* [Information provided]:

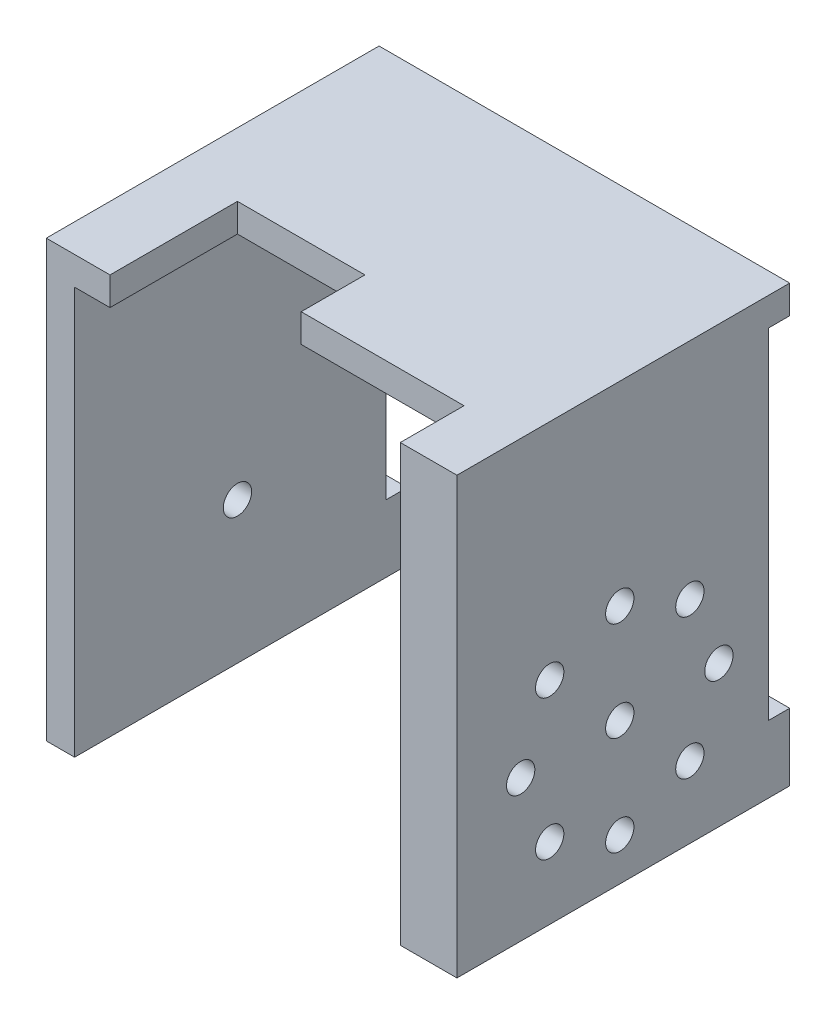
ISO-10303-21;
HEADER;
FILE_DESCRIPTION(('STEP AP214'),'2;1');
FILE_NAME('part.step','',(''),(''),'','','');
FILE_SCHEMA(('AUTOMOTIVE_DESIGN { 1 0 10303 214 1 1 1 1 }'));
ENDSEC;
DATA;
#1=APPLICATION_CONTEXT('core data for automotive mechanical design processes');
#2=APPLICATION_PROTOCOL_DEFINITION('international standard','automotive_design',2000,#1);
#3=PRODUCT_CONTEXT('',#1,'mechanical');
#4=PRODUCT('Part','Part','',(#3));
#5=PRODUCT_RELATED_PRODUCT_CATEGORY('part','',(#4));
#6=PRODUCT_DEFINITION_FORMATION('','',#4);
#7=PRODUCT_DEFINITION_CONTEXT('part definition',#1,'design');
#8=PRODUCT_DEFINITION('design','',#6,#7);
#9=PRODUCT_DEFINITION_SHAPE('','',#8);
#10=(LENGTH_UNIT() NAMED_UNIT(*) SI_UNIT(.MILLI.,.METRE.));
#11=(NAMED_UNIT(*) PLANE_ANGLE_UNIT() SI_UNIT($,.RADIAN.));
#12=(NAMED_UNIT(*) SI_UNIT($,.STERADIAN.) SOLID_ANGLE_UNIT());
#13=UNCERTAINTY_MEASURE_WITH_UNIT(LENGTH_MEASURE(1.E-05),#10,'distance_accuracy_value','');
#14=(GEOMETRIC_REPRESENTATION_CONTEXT(3) GLOBAL_UNCERTAINTY_ASSIGNED_CONTEXT((#13)) GLOBAL_UNIT_ASSIGNED_CONTEXT((#10,
#11,#12)) REPRESENTATION_CONTEXT('',''));
#15=CARTESIAN_POINT('',(0.,0.,0.));
#16=DIRECTION('',(0.,0.,1.));
#17=DIRECTION('',(1.,0.,0.));
#18=AXIS2_PLACEMENT_3D('',#15,#16,#17);
#19=CARTESIAN_POINT('',(46.,37.5,47.));
#20=DIRECTION('',(0.,0.,-1.));
#21=DIRECTION('',(-1.,0.,0.));
#22=AXIS2_PLACEMENT_3D('',#19,#20,#21);
#23=PLANE('',#22);
#24=DIRECTION('',(-1.,0.,0.));
#25=VECTOR('',#24,1.);
#26=CARTESIAN_POINT('',(-4.,41.5,47.));
#27=LINE('',#26,#25);
#28=CARTESIAN_POINT('',(54.,41.5,47.));
#29=VERTEX_POINT('',#28);
#30=CARTESIAN_POINT('',(46.0000000000002,41.5,47.));
#31=VERTEX_POINT('',#30);
#32=EDGE_CURVE('E311',#29,#31,#27,.T.);
#33=ORIENTED_EDGE('',*,*,#32,.T.);
#34=DIRECTION('',(0.,-1.,0.));
#35=VECTOR('',#34,1.);
#36=CARTESIAN_POINT('',(46.,37.5,47.));
#37=LINE('',#36,#35);
#38=CARTESIAN_POINT('',(46.0000000000002,-20.,47.));
#39=VERTEX_POINT('',#38);
#40=EDGE_CURVE('E304',#31,#39,#37,.T.);
#41=ORIENTED_EDGE('',*,*,#40,.T.);
#42=DIRECTION('',(1.,0.,0.));
#43=VECTOR('',#42,1.);
#44=CARTESIAN_POINT('',(46.0000000000002,-20.,47.));
#45=LINE('',#44,#43);
#46=CARTESIAN_POINT('',(54.0000000000002,-20.,47.));
#47=VERTEX_POINT('',#46);
#48=EDGE_CURVE('E307',#39,#47,#45,.T.);
#49=ORIENTED_EDGE('',*,*,#48,.T.);
#50=DIRECTION('',(0.,1.,0.));
#51=VECTOR('',#50,1.);
#52=CARTESIAN_POINT('',(54.,41.5,47.));
#53=LINE('',#52,#51);
#54=EDGE_CURVE('E309',#47,#29,#53,.T.);
#55=ORIENTED_EDGE('',*,*,#54,.T.);
#56=EDGE_LOOP('',(#33,#41,#49,#55));
#57=FACE_BOUND('',#56,.T.);
#58=ADVANCED_FACE('F30',(#57),#23,.F.);
#59=CARTESIAN_POINT('',(46.,37.5,0.));
#60=DIRECTION('',(0.,0.,-1.));
#61=DIRECTION('',(-1.,0.,0.));
#62=AXIS2_PLACEMENT_3D('',#59,#60,#61);
#63=PLANE('',#62);
#64=DIRECTION('',(1.,0.,0.));
#65=VECTOR('',#64,1.);
#66=CARTESIAN_POINT('',(-4.00000000000005,-10.5000000000002,0.));
#67=LINE('',#66,#65);
#68=CARTESIAN_POINT('',(-4.00000000000005,-10.5000000000002,0.));
#69=VERTEX_POINT('',#68);
#70=CARTESIAN_POINT('',(0.,-10.5000000000002,0.));
#71=VERTEX_POINT('',#70);
#72=EDGE_CURVE('E283',#69,#71,#67,.T.);
#73=ORIENTED_EDGE('',*,*,#72,.T.);
#74=DIRECTION('',(0.,1.,0.));
#75=VECTOR('',#74,1.);
#76=CARTESIAN_POINT('',(0.,-20.,0.));
#77=LINE('',#76,#75);
#78=CARTESIAN_POINT('',(0.,-20.,0.));
#79=VERTEX_POINT('',#78);
#80=EDGE_CURVE('E305',#79,#71,#77,.T.);
#81=ORIENTED_EDGE('',*,*,#80,.F.);
#82=DIRECTION('',(1.,0.,0.));
#83=VECTOR('',#82,1.);
#84=CARTESIAN_POINT('',(0.,-20.,0.));
#85=LINE('',#84,#83);
#86=CARTESIAN_POINT('',(-4.00000000000001,-20.,0.));
#87=VERTEX_POINT('',#86);
#88=EDGE_CURVE('E336',#87,#79,#85,.T.);
#89=ORIENTED_EDGE('',*,*,#88,.F.);
#90=DIRECTION('',(0.,-1.,0.));
#91=VECTOR('',#90,1.);
#92=CARTESIAN_POINT('',(-4.00000000000001,-20.,0.));
#93=LINE('',#92,#91);
#94=EDGE_CURVE('E332',#69,#87,#93,.T.);
#95=ORIENTED_EDGE('',*,*,#94,.F.);
#96=EDGE_LOOP('',(#73,#81,#89,#95));
#97=FACE_BOUND('',#96,.T.);
#98=ADVANCED_FACE('F422',(#97),#63,.T.);
#99=DIRECTION('',(-1.,0.,0.));
#100=VECTOR('',#99,1.);
#101=CARTESIAN_POINT('',(46.0000000000002,-10.5,0.));
#102=LINE('',#101,#100);
#103=CARTESIAN_POINT('',(54.0000000000002,-10.5,0.));
#104=VERTEX_POINT('',#103);
#105=CARTESIAN_POINT('',(46.0000000000001,-10.5,0.));
#106=VERTEX_POINT('',#105);
#107=EDGE_CURVE('E39',#104,#106,#102,.T.);
#108=ORIENTED_EDGE('',*,*,#107,.F.);
#109=DIRECTION('',(0.,1.,0.));
#110=VECTOR('',#109,1.);
#111=CARTESIAN_POINT('',(54.,41.5,0.));
#112=LINE('',#111,#110);
#113=CARTESIAN_POINT('',(54.0000000000002,-20.,0.));
#114=VERTEX_POINT('',#113);
#115=EDGE_CURVE('E327',#114,#104,#112,.T.);
#116=ORIENTED_EDGE('',*,*,#115,.F.);
#117=DIRECTION('',(1.,0.,0.));
#118=VECTOR('',#117,1.);
#119=CARTESIAN_POINT('',(46.0000000000002,-20.,0.));
#120=LINE('',#119,#118);
#121=CARTESIAN_POINT('',(46.0000000000002,-20.,0.));
#122=VERTEX_POINT('',#121);
#123=EDGE_CURVE('E324',#122,#114,#120,.T.);
#124=ORIENTED_EDGE('',*,*,#123,.F.);
#125=DIRECTION('',(0.,-1.,0.));
#126=VECTOR('',#125,1.);
#127=CARTESIAN_POINT('',(46.,37.5,0.));
#128=LINE('',#127,#126);
#129=EDGE_CURVE('E322',#106,#122,#128,.T.);
#130=ORIENTED_EDGE('',*,*,#129,.F.);
#131=EDGE_LOOP('',(#108,#116,#124,#130));
#132=FACE_BOUND('',#131,.T.);
#133=ADVANCED_FACE('F375',(#132),#63,.T.);
#134=CARTESIAN_POINT('',(0.,37.5,47.));
#135=DIRECTION('',(0.,1.,0.));
#136=DIRECTION('',(-1.,0.,0.));
#137=AXIS2_PLACEMENT_3D('',#134,#135,#136);
#138=PLANE('',#137);
#139=DIRECTION('',(0.,0.,-1.));
#140=VECTOR('',#139,1.);
#141=CARTESIAN_POINT('',(46.,37.5,47.));
#142=LINE('',#141,#140);
#143=CARTESIAN_POINT('',(46.,37.5,38.));
#144=VERTEX_POINT('',#143);
#145=CARTESIAN_POINT('',(46.,37.5,3.00000000000001));
#146=VERTEX_POINT('',#145);
#147=EDGE_CURVE('E360',#144,#146,#142,.T.);
#148=ORIENTED_EDGE('',*,*,#147,.F.);
#149=DIRECTION('',(1.,0.,0.));
#150=VECTOR('',#149,1.);
#151=CARTESIAN_POINT('',(23.,37.5,38.));
#152=LINE('',#151,#150);
#153=CARTESIAN_POINT('',(23.,37.5,38.));
#154=VERTEX_POINT('',#153);
#155=EDGE_CURVE('E185',#154,#144,#152,.T.);
#156=ORIENTED_EDGE('',*,*,#155,.F.);
#157=DIRECTION('',(0.,0.,1.));
#158=VECTOR('',#157,1.);
#159=CARTESIAN_POINT('',(23.,37.5,38.));
#160=LINE('',#159,#158);
#161=CARTESIAN_POINT('',(23.,37.5,29.));
#162=VERTEX_POINT('',#161);
#163=EDGE_CURVE('E188',#162,#154,#160,.T.);
#164=ORIENTED_EDGE('',*,*,#163,.F.);
#165=DIRECTION('',(1.,0.,0.));
#166=VECTOR('',#165,1.);
#167=CARTESIAN_POINT('',(5.00000000000004,37.5,29.));
#168=LINE('',#167,#166);
#169=CARTESIAN_POINT('',(5.00000000000004,37.5,29.));
#170=VERTEX_POINT('',#169);
#171=EDGE_CURVE('E198',#170,#162,#168,.T.);
#172=ORIENTED_EDGE('',*,*,#171,.F.);
#173=DIRECTION('',(0.,0.,-1.));
#174=VECTOR('',#173,1.);
#175=CARTESIAN_POINT('',(5.00000000000003,37.5,47.));
#176=LINE('',#175,#174);
#177=CARTESIAN_POINT('',(5.00000000000003,37.5,47.));
#178=VERTEX_POINT('',#177);
#179=EDGE_CURVE('E165',#178,#170,#176,.T.);
#180=ORIENTED_EDGE('',*,*,#179,.F.);
#181=DIRECTION('',(1.,0.,0.));
#182=VECTOR('',#181,1.);
#183=CARTESIAN_POINT('',(0.,37.5,47.));
#184=LINE('',#183,#182);
#185=CARTESIAN_POINT('',(0.,37.5,47.));
#186=VERTEX_POINT('',#185);
#187=EDGE_CURVE('E301',#186,#178,#184,.T.);
#188=ORIENTED_EDGE('',*,*,#187,.F.);
#189=DIRECTION('',(0.,0.,-1.));
#190=VECTOR('',#189,1.);
#191=CARTESIAN_POINT('',(0.,37.5,47.));
#192=LINE('',#191,#190);
#193=CARTESIAN_POINT('',(0.,37.4999999999998,3.00000000000001));
#194=VERTEX_POINT('',#193);
#195=EDGE_CURVE('E320',#186,#194,#192,.T.);
#196=ORIENTED_EDGE('',*,*,#195,.T.);
#197=DIRECTION('',(1.,0.,0.));
#198=VECTOR('',#197,1.);
#199=CARTESIAN_POINT('',(-4.00000000000021,37.4999999999998,3.00000000000001));
#200=LINE('',#199,#198);
#201=CARTESIAN_POINT('',(-4.00000000000021,37.4999999999998,3.00000000000001));
#202=VERTEX_POINT('',#201);
#203=EDGE_CURVE('E291',#202,#194,#200,.T.);
#204=ORIENTED_EDGE('',*,*,#203,.F.);
#205=DIRECTION('',(0.,0.,1.));
#206=VECTOR('',#205,1.);
#207=CARTESIAN_POINT('',(-4.00000000000021,37.4999999999998,0.));
#208=LINE('',#207,#206);
#209=CARTESIAN_POINT('',(-4.,37.4999999999998,0.));
#210=VERTEX_POINT('',#209);
#211=EDGE_CURVE('E266',#210,#202,#208,.T.);
#212=ORIENTED_EDGE('',*,*,#211,.F.);
#213=DIRECTION('',(1.,0.,0.));
#214=VECTOR('',#213,1.);
#215=CARTESIAN_POINT('',(0.,37.5,0.));
#216=LINE('',#215,#214);
#217=CARTESIAN_POINT('',(54.,37.5,0.));
#218=VERTEX_POINT('',#217);
#219=EDGE_CURVE('E54',#210,#218,#216,.T.);
#220=ORIENTED_EDGE('',*,*,#219,.T.);
#221=DIRECTION('',(0.,0.,1.));
#222=VECTOR('',#221,1.);
#223=CARTESIAN_POINT('',(54.,37.5,0.));
#224=LINE('',#223,#222);
#225=CARTESIAN_POINT('',(54.,37.5,3.00000000000001));
#226=VERTEX_POINT('',#225);
#227=EDGE_CURVE('E265',#218,#226,#224,.T.);
#228=ORIENTED_EDGE('',*,*,#227,.T.);
#229=EDGE_CURVE('E276',#146,#226,#200,.T.);
#230=ORIENTED_EDGE('',*,*,#229,.F.);
#231=EDGE_LOOP('',(#148,#156,#164,#172,#180,#188,#196,#204,#212,#220,#228,#230));
#232=FACE_BOUND('',#231,.T.);
#233=ADVANCED_FACE('F32',(#232),#138,.F.);
#234=CARTESIAN_POINT('',(46.,37.5,47.));
#235=DIRECTION('',(1.,0.,0.));
#236=DIRECTION('',(0.,1.,0.));
#237=AXIS2_PLACEMENT_3D('',#234,#235,#236);
#238=PLANE('',#237);
#239=CARTESIAN_POINT('',(46.0000000000001,9.89949493661152,33.899494936612));
#240=DIRECTION('',(1.,0.,0.));
#241=DIRECTION('',(0.,1.,0.));
#242=AXIS2_PLACEMENT_3D('',#239,#240,#241);
#243=CIRCLE('',#242,2.00000000000028);
#244=CARTESIAN_POINT('',(46.0000000000001,11.8994949366118,33.899494936612));
#245=VERTEX_POINT('',#244);
#246=EDGE_CURVE('E209',#245,#245,#243,.F.);
#247=ORIENTED_EDGE('',*,*,#246,.F.);
#248=EDGE_LOOP('',(#247));
#249=FACE_BOUND('',#248,.T.);
#250=CARTESIAN_POINT('',(46.0000000000001,-1.07975958797385E-13,37.9999999999998));
#251=DIRECTION('',(1.,0.,0.));
#252=DIRECTION('',(0.,1.,0.));
#253=AXIS2_PLACEMENT_3D('',#250,#251,#252);
#254=CIRCLE('',#253,2.);
#255=CARTESIAN_POINT('',(46.0000000000001,1.99999999999989,37.9999999999998));
#256=VERTEX_POINT('',#255);
#257=EDGE_CURVE('E215',#256,#256,#254,.F.);
#258=ORIENTED_EDGE('',*,*,#257,.F.);
#259=EDGE_LOOP('',(#258));
#260=FACE_BOUND('',#259,.T.);
#261=CARTESIAN_POINT('',(46.0000000000002,-9.89949493661177,33.8994949366114));
#262=DIRECTION('',(1.,0.,0.));
#263=DIRECTION('',(0.,1.,0.));
#264=AXIS2_PLACEMENT_3D('',#261,#262,#263);
#265=CIRCLE('',#264,2.);
#266=CARTESIAN_POINT('',(46.0000000000002,-7.89949493661177,33.8994949366114));
#267=VERTEX_POINT('',#266);
#268=EDGE_CURVE('E221',#267,#267,#265,.F.);
#269=ORIENTED_EDGE('',*,*,#268,.F.);
#270=EDGE_LOOP('',(#269));
#271=FACE_BOUND('',#270,.T.);
#272=CARTESIAN_POINT('',(46.0000000000002,-14.0000000000001,23.9999999999997));
#273=DIRECTION('',(1.,0.,0.));
#274=DIRECTION('',(0.,1.,0.));
#275=AXIS2_PLACEMENT_3D('',#272,#273,#274);
#276=CIRCLE('',#275,2.);
#277=CARTESIAN_POINT('',(46.0000000000002,-12.0000000000001,23.9999999999997));
#278=VERTEX_POINT('',#277);
#279=EDGE_CURVE('E227',#278,#278,#276,.F.);
#280=ORIENTED_EDGE('',*,*,#279,.F.);
#281=EDGE_LOOP('',(#280));
#282=FACE_BOUND('',#281,.T.);
#283=CARTESIAN_POINT('',(46.0000000000002,-9.89949493661163,14.1005050633881));
#284=DIRECTION('',(1.,0.,0.));
#285=DIRECTION('',(0.,1.,0.));
#286=AXIS2_PLACEMENT_3D('',#283,#284,#285);
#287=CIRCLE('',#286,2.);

* [Prompt]: Pictures excluded, copy the lines exactly from where the material starts to the line with "#1=APPLICATION_CONTEXT('core data for", inclusive.

* [Exercise result]:
ISO-10303-21;
HEADER;
FILE_DESCRIPTION(('STEP AP214'),'2;1');
FILE_NAME('part.step','',(''),(''),'','','');
FILE_SCHEMA(('AUTOMOTIVE_DESIGN { 1 0 10303 214 1 1 1 1 }'));
ENDSEC;
DATA;
#1=APPLICATION_CONTEXT('core data for automotive mechanical design processes');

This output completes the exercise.